Records to use:
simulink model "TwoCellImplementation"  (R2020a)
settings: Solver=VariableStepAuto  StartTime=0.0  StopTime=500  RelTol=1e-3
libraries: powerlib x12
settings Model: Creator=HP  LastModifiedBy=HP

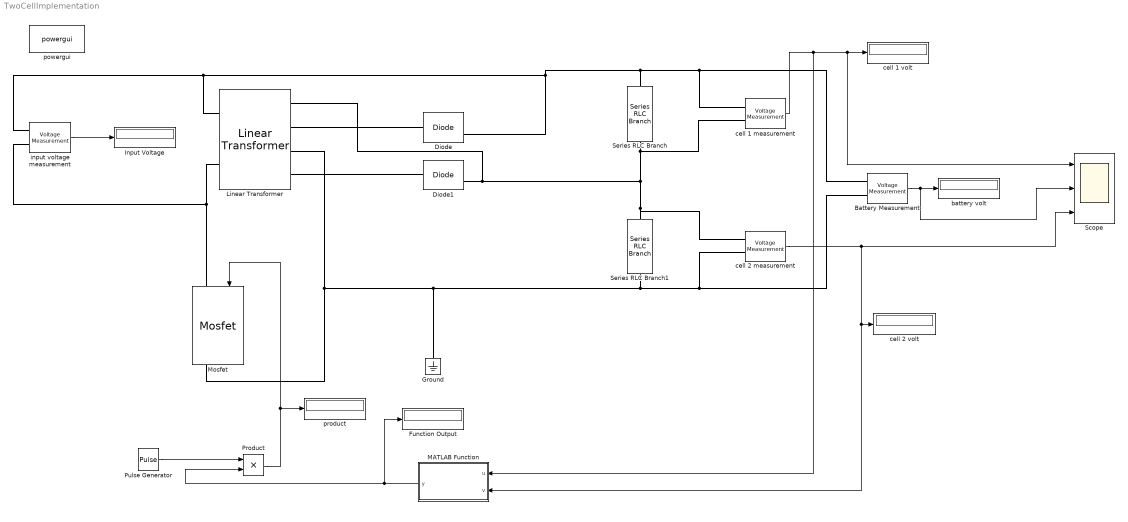
== system TwoCellImplementation ==
  "Battery Measurement " : powerlib/Measurements/Voltage Measurement  PhasorSimulation=off  OutputType=Complex  PSBequivalent=0
  Diode : powerlib/Power Electronics/Diode  Ron=0.001  Lon=0  Vf=0.8  IC=0  UseSnubber=0  Rs=500  Cs=250e-9  Measurements=on
  Diode1 : powerlib/Power Electronics/Diode  Ron=0.001  Lon=0  Vf=0.8  IC=0  UseSnubber=0  Rs=500  Cs=250e-9  Measurements=on
  Function Output : Display
  Ground : powerlib/Elements/Ground  LConnTagsString=a
  Input Voltage : Display
  Linear Transformer : powerlib/Elements/Linear Transformer  UNITS=SI  NominalPower=[100 55000]  winding1=[10 0.02 45e-6]  winding2=[5 0.02 288e-6]  ThreeWindings=on  winding3=[5 0.02 288e-6]  RmLm=[1.0805e+06 2866]  Measurements=None  DataType=on
  MATLAB Function : MATLAB Function  TreatAsAtomicUnit=on
  Mosfet : powerlib/Power Electronics/Mosfet  Ron=1.5  Lon=0  Rd=2  Vfd=0  IC=0  Rs=1500  Cs=288e-7  Measurements=on
  Product : Product
  Pulse Generator : DiscretePulseGenerator  PulseType=Time based  Period=10  PulseWidth=50
  Scope : Scope  NumInputPorts=3
  Series RLC Branch : powerlib/Elements/Series RLC Branch  LConnTagsString=__new0  RConnTagsString=__new0  BranchType=C  Resistance=1  Inductance=1e-3  SetiL0=off  InitialCurrent=0  Capacitance=5  Setx0=on  InitialVoltage=3  Measurements=None
  Series RLC Branch1 : powerlib/Elements/Series RLC Branch  LConnTagsString=__new0  RConnTagsString=__new0  BranchType=C  Resistance=1  Inductance=1e-3  SetiL0=off  InitialCurrent=0  Capacitance=5  Setx0=on  InitialVoltage=3.4  Measurements=None
  "battery volt " : Display
  "cell 1 measurement " : powerlib/Measurements/Voltage Measurement  PhasorSimulation=off  OutputType=Complex  PSBequivalent=0
  "cell 1 volt " : Display
  "cell 2 measurement " : powerlib/Measurements/Voltage Measurement  PhasorSimulation=off  OutputType=Complex  PSBequivalent=0
  "cell 2 volt " : Display
  "input voltage measurement " : powerlib/Measurements/Voltage Measurement  PhasorSimulation=off  OutputType=Complex  PSBequivalent=0
  powergui : powerlib/powergui  Priority=1  SimulationMode=Continuous  SampleTime=50e-6  frequency=60  Iterations=50  frequencyindice=0  Pbase=100e6  ErrMax=1e-4  UnitsV=kV  UnitsW=MW  buscounter=0  FunctionMessages=off  echomessages=off  EnableUseOfTLC=off  CurrentSourceSwitches=off  DisableSnubberDevices=off  DisableRonSwitches=off  DisableVfSwitches=off  DisplayEquations=off  AutomaticDiscreteSolvers=off  SolverType=Tustin/Backward Euler (TBE)  Interpol=off  ExternalGateDelay=off  methode=off  Ts=100  x0status=blocks  SPID=on  SwTol=0  HookPort=off  NonlinearTolerance=1e-4  nMaxIteration=100  ContinueOnMaxIteration=off  RestoreLinks=warning  ResistiveCurrentMeasurement=off  Frange=[0:2:500]  Ylog=off  Xlog=on  ShowGrid=off  save=off  variable=ZData  structure=0  ZoomFFT=off  StartTime=0.0  cycles=1  DisplayStyle=1  fundamental=60  FreqAxis=off  MaxFrequency=1000  frequencyindicesteady=1  RmsSteady=1  display=off
  "product " : Display
  wires:
  Pulse Generator/1 -> Product/1
  Product/1 -> Mosfet/1, "product "/1
  MATLAB Function/1(y) -> Function Output/1, Product/2
  "cell 1 measurement "/1 -> MATLAB Function/1(u), Scope/1, "cell 1 volt "/1
  "cell 2 measurement "/1 -> Scope/3, MATLAB Function/2(v), "cell 2 volt "/1
  "Battery Measurement "/1 -> Scope/2, "battery volt "/1
  "input voltage measurement "/1 -> Input Voltage/1
  connections:
  Linear Transformer/RConn2 -- Diode/LConn1
  Linear Transformer/RConn4 -- Diode1/LConn1
  Diode/RConn1 -- Linear Transformer/LConn1 -- "input voltage measurement "/LConn1 -- "Battery Measurement "/LConn1 -- "cell 1 measurement "/LConn1 -- Series RLC Branch/LConn1
  Series RLC Branch/RConn1 -- "cell 1 measurement "/LConn2 -- Linear Transformer/RConn1 -- Diode1/RConn1 -- "cell 2 measurement "/LConn1 -- Series RLC Branch1/LConn1
  Linear Transformer/LConn2 -- "input voltage measurement "/LConn2 -- Mosfet/LConn1
  Linear Transformer/RConn3 -- Mosfet/RConn1 -- "Battery Measurement "/LConn2 -- "cell 2 measurement "/LConn2 -- Series RLC Branch1/RConn1 -- Ground/LConn1

== matlab function TwoCellImplementation/MATLAB Function ==
  data: u input; y output; v input
function y = fcn(u,v)
if(u <= v && u >= v)
    y = 0;
else 
    y = 1;
end

Required work: Search the preceding listing for the word "Scope" and pull out every line that holds it.

Result for this exercise:
  Scope : Scope  NumInputPorts=3
  "cell 1 measurement "/1 -> MATLAB Function/1(u), Scope/1, "cell 1 volt "/1
  "cell 2 measurement "/1 -> Scope/3, MATLAB Function/2(v), "cell 2 volt "/1
  "Battery Measurement "/1 -> Scope/2, "battery volt "/1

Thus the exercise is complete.